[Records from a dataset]
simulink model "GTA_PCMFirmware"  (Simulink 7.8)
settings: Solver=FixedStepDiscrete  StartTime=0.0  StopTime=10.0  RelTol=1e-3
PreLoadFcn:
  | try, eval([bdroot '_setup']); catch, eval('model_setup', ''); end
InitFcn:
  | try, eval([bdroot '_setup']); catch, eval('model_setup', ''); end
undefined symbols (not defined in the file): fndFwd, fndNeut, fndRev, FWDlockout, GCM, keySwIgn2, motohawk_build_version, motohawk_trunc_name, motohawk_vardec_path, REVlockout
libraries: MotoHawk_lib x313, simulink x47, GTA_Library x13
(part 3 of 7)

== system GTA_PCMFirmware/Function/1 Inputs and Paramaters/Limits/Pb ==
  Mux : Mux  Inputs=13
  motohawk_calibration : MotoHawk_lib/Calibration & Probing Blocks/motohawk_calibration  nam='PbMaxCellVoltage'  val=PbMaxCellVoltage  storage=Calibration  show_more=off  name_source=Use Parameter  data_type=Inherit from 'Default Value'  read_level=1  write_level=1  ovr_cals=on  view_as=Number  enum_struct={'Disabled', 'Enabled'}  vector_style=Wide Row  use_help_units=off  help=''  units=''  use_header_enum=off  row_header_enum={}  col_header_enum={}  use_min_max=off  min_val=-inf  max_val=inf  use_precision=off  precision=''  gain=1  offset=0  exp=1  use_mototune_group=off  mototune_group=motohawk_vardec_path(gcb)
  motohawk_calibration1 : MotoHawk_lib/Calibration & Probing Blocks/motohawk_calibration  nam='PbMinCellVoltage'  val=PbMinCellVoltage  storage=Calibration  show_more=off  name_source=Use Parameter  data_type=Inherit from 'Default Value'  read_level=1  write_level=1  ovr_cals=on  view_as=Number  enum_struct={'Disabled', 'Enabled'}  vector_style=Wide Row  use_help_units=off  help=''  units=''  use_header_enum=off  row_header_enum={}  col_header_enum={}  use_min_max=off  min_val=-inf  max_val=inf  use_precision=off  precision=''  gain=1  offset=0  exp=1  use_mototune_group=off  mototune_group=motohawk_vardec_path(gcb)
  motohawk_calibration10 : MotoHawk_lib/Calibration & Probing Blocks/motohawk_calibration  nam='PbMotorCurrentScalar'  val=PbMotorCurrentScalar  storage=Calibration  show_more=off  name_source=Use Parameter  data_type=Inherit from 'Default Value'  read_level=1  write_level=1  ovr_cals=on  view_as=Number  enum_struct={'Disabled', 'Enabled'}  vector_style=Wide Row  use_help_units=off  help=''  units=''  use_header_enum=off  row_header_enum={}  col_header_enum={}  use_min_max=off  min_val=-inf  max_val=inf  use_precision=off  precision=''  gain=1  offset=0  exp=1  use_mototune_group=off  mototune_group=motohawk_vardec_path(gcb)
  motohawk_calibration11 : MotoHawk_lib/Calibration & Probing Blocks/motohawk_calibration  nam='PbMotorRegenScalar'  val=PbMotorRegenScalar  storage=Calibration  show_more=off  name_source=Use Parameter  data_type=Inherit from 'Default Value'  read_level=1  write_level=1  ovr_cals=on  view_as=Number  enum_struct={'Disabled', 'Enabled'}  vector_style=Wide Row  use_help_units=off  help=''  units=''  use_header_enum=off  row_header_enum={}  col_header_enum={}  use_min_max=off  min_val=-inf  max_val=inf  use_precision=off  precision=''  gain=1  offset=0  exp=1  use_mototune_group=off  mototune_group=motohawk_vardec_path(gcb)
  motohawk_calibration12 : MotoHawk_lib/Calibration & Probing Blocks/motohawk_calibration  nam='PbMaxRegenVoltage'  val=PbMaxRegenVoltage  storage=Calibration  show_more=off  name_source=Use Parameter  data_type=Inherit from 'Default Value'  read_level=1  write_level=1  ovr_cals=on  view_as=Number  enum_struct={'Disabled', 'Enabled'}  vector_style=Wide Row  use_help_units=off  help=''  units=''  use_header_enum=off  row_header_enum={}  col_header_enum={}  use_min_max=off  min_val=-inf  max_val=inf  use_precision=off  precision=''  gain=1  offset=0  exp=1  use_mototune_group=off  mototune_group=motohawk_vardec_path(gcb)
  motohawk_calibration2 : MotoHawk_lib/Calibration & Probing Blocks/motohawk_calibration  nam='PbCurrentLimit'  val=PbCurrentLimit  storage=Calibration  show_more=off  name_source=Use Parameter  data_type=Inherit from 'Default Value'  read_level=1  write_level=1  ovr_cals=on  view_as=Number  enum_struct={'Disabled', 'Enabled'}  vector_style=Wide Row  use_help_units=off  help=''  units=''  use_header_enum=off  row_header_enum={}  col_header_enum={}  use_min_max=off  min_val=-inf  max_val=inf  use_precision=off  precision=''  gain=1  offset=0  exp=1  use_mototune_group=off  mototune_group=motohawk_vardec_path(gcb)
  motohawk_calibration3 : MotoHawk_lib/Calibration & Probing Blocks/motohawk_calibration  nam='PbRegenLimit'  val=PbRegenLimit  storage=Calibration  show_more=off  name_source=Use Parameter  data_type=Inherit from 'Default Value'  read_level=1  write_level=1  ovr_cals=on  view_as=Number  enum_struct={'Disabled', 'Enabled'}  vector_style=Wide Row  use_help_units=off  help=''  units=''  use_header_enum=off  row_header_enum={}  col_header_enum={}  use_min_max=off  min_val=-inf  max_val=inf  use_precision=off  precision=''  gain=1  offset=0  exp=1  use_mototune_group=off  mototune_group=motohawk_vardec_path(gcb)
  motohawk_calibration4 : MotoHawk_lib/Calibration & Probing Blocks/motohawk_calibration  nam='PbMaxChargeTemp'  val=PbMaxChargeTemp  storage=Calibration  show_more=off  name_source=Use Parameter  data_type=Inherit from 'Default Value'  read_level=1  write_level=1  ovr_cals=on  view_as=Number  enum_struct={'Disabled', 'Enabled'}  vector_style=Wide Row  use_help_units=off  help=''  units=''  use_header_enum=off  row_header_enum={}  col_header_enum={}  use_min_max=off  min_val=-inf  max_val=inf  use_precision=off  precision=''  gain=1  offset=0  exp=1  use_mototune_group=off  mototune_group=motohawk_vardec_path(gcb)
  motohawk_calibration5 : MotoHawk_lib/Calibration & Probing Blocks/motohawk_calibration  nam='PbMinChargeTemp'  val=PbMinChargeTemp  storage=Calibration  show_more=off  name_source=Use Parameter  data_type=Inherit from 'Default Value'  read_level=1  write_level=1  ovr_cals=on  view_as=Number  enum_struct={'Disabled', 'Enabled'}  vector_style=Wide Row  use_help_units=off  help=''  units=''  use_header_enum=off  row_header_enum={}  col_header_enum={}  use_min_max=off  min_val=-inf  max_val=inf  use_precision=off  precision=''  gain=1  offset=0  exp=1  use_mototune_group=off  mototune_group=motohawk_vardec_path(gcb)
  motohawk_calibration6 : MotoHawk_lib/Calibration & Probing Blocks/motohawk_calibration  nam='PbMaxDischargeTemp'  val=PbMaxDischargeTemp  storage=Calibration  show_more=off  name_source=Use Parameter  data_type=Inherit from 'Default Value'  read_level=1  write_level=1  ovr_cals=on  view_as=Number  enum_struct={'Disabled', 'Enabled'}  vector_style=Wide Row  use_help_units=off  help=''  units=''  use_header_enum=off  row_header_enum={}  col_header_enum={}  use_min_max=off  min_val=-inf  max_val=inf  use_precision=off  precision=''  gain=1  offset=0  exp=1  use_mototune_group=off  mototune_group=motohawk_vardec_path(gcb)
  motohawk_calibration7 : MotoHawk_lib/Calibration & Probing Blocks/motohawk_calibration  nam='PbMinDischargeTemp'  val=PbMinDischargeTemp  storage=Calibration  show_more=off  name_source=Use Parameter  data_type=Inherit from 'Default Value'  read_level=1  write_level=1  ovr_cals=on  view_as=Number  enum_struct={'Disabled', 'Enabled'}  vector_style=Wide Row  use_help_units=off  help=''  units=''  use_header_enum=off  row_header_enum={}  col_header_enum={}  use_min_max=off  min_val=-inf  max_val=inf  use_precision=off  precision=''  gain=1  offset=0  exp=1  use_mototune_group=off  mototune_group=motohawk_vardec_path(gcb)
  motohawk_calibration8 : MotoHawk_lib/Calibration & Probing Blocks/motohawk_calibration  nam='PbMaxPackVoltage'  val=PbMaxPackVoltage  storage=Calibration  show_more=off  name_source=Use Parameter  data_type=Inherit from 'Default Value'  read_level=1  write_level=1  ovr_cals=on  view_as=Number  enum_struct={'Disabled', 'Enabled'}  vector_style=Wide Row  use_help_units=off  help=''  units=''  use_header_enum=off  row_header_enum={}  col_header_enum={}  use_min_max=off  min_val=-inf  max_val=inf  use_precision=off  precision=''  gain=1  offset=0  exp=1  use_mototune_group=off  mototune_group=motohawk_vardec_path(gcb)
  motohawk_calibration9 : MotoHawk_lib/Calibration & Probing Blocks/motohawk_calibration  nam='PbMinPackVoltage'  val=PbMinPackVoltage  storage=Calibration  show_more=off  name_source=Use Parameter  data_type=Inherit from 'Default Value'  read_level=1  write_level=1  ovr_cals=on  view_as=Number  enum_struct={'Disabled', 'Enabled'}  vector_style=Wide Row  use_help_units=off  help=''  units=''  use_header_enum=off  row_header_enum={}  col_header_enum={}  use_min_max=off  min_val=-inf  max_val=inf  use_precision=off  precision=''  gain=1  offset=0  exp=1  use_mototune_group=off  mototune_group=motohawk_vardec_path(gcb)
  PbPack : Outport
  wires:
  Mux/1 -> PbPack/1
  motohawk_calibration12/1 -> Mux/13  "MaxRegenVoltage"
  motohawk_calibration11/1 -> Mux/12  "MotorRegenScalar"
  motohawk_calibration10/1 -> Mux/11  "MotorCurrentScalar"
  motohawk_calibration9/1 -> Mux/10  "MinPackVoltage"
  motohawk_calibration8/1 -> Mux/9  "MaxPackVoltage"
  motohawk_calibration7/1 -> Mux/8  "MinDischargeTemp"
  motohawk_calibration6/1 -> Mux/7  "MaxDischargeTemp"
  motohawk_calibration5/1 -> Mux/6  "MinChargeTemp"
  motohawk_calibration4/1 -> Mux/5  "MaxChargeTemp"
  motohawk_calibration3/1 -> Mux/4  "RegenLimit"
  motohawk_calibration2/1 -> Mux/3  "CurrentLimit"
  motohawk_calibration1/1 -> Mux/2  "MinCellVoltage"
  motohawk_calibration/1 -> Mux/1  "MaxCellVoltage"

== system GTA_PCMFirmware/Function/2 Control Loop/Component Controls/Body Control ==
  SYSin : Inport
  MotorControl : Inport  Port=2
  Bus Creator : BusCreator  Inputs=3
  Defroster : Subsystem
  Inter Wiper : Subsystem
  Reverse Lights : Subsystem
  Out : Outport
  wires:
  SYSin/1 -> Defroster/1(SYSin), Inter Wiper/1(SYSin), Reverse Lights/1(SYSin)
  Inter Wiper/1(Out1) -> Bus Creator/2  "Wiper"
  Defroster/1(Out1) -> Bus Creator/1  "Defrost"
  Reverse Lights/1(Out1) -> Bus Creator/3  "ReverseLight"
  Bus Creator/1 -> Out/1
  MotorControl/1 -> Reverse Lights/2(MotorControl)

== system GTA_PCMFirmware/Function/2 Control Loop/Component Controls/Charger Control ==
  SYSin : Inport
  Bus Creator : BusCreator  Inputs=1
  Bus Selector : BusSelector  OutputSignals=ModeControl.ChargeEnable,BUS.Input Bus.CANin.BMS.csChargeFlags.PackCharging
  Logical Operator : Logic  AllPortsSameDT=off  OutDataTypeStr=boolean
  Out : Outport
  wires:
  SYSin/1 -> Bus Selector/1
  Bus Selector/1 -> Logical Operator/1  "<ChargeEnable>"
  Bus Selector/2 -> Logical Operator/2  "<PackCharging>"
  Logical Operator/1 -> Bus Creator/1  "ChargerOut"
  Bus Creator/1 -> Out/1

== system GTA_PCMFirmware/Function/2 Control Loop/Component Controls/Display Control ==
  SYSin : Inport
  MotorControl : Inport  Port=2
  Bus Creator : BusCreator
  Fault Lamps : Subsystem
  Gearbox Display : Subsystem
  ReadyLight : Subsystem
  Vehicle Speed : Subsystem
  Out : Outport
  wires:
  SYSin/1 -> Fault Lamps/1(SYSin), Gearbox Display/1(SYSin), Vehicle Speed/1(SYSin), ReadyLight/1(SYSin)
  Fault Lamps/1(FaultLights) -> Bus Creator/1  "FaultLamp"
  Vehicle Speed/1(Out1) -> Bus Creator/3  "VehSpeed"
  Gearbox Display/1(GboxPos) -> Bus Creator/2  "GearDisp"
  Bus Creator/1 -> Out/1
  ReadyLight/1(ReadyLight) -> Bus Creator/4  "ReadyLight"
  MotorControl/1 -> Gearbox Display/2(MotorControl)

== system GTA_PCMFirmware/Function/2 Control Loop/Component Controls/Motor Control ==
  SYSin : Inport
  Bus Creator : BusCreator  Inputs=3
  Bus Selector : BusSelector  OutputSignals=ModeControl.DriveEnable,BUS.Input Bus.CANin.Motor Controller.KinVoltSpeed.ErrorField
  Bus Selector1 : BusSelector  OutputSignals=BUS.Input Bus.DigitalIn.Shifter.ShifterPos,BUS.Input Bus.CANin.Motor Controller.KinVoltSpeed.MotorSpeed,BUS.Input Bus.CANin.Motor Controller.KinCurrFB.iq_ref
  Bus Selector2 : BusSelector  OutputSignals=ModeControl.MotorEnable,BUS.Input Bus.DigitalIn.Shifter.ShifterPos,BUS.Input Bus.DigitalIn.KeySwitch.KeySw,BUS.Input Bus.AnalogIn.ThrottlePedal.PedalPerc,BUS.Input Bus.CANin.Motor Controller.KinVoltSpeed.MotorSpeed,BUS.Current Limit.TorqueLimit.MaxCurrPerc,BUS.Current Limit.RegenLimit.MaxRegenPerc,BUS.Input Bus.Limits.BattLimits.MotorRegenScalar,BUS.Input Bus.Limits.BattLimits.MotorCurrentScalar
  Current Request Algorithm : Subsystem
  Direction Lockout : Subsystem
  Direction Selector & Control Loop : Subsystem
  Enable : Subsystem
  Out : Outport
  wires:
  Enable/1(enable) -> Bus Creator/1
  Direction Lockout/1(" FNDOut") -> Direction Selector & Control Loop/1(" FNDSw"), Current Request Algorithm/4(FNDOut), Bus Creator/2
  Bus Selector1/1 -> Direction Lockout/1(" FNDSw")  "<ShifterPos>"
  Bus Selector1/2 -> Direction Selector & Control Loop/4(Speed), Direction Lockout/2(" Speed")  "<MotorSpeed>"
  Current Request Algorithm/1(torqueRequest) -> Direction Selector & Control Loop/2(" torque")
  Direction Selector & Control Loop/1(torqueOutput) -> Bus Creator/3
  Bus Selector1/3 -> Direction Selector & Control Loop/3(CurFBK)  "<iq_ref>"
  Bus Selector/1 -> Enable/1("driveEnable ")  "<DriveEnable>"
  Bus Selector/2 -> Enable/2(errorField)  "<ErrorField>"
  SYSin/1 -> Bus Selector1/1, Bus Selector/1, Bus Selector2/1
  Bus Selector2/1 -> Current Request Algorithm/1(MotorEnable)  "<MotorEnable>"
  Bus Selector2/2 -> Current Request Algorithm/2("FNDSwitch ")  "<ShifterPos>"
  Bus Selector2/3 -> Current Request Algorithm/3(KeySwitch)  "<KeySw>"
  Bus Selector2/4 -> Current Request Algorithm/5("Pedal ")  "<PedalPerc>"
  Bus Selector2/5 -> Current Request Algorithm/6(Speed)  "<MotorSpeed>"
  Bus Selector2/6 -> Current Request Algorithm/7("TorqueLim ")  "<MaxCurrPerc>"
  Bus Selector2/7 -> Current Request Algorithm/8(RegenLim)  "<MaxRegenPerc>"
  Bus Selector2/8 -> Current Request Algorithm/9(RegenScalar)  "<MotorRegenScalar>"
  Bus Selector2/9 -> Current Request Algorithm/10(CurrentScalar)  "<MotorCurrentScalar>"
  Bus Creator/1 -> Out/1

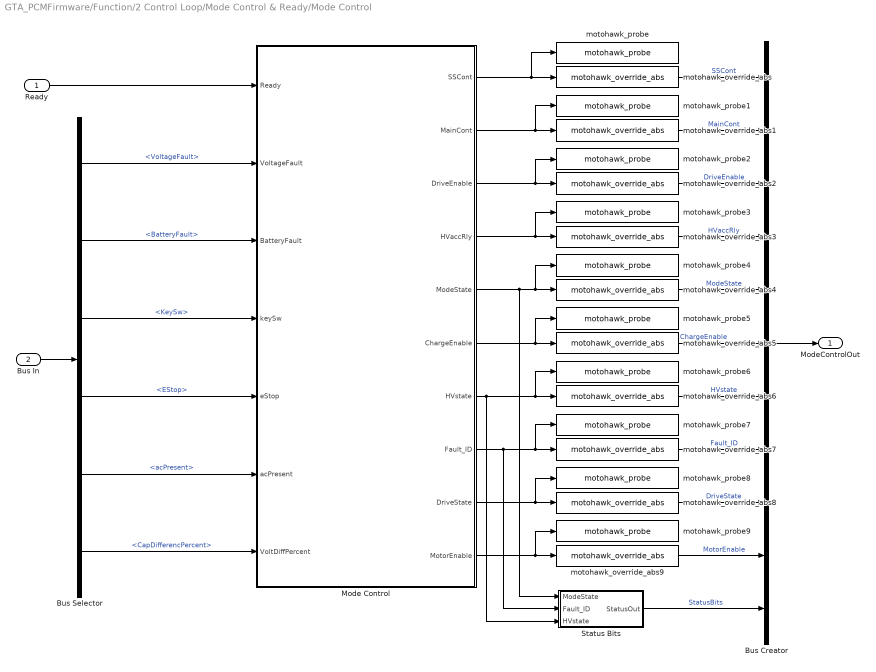
== system GTA_PCMFirmware/Function/2 Control Loop/Mode Control & Ready/Mode Control ==
  Ready : Inport
  Bus In : Inport  Port=2
  Bus Creator : BusCreator  Inputs=11
  Bus Selector : BusSelector  OutputSignals=Voltage level.VoltageFault,Faults.BatteryFault.BatteryFault,Input Bus.DigitalIn.KeySwitch.KeySw,Input Bus.DigitalIn.EStop.EStop,Input Bus.DigitalIn.Charger.acPresent,Voltage level.CapDifferencPercent
  Mode Control : Stateflow chart  TreatAsAtomicUnit=on
  Status Bits : Subsystem
  motohawk_override_abs : MotoHawk_lib/Calibration & Probing Blocks/motohawk_override_abs  parent_name='SScont'  parent_val=0  show_more=off  name_source=Use Parameter  parent_read_level=1  parent_override_level=1  view_as=Number  enum_struct={'Disabled', 'Enabled'}  use_help_units=off  parent_help=''  parent_units=''  use_min_max=off  parent_min=-inf  parent_max=inf  use_precision=off  parent_precision=''  parent_gain=1  parent_offset=0  parent_exp=1  use_mototune_group=off  parent_group=motohawk_vardec_path(gcb)
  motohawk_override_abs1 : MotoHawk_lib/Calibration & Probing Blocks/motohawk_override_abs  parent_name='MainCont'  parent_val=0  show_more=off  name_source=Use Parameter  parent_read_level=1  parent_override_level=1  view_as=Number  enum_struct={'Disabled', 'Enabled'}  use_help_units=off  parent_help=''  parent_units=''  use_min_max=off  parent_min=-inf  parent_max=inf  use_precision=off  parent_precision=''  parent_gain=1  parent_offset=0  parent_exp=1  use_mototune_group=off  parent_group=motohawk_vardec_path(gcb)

**Task prompt**
Look through the entries above; copy each line where the string "Reverse" appears.

**Task output**
  Reverse Lights : Subsystem
  SYSin/1 -> Defroster/1(SYSin), Inter Wiper/1(SYSin), Reverse Lights/1(SYSin)
  Reverse Lights/1(Out1) -> Bus Creator/3  "ReverseLight"
  MotorControl/1 -> Reverse Lights/2(MotorControl)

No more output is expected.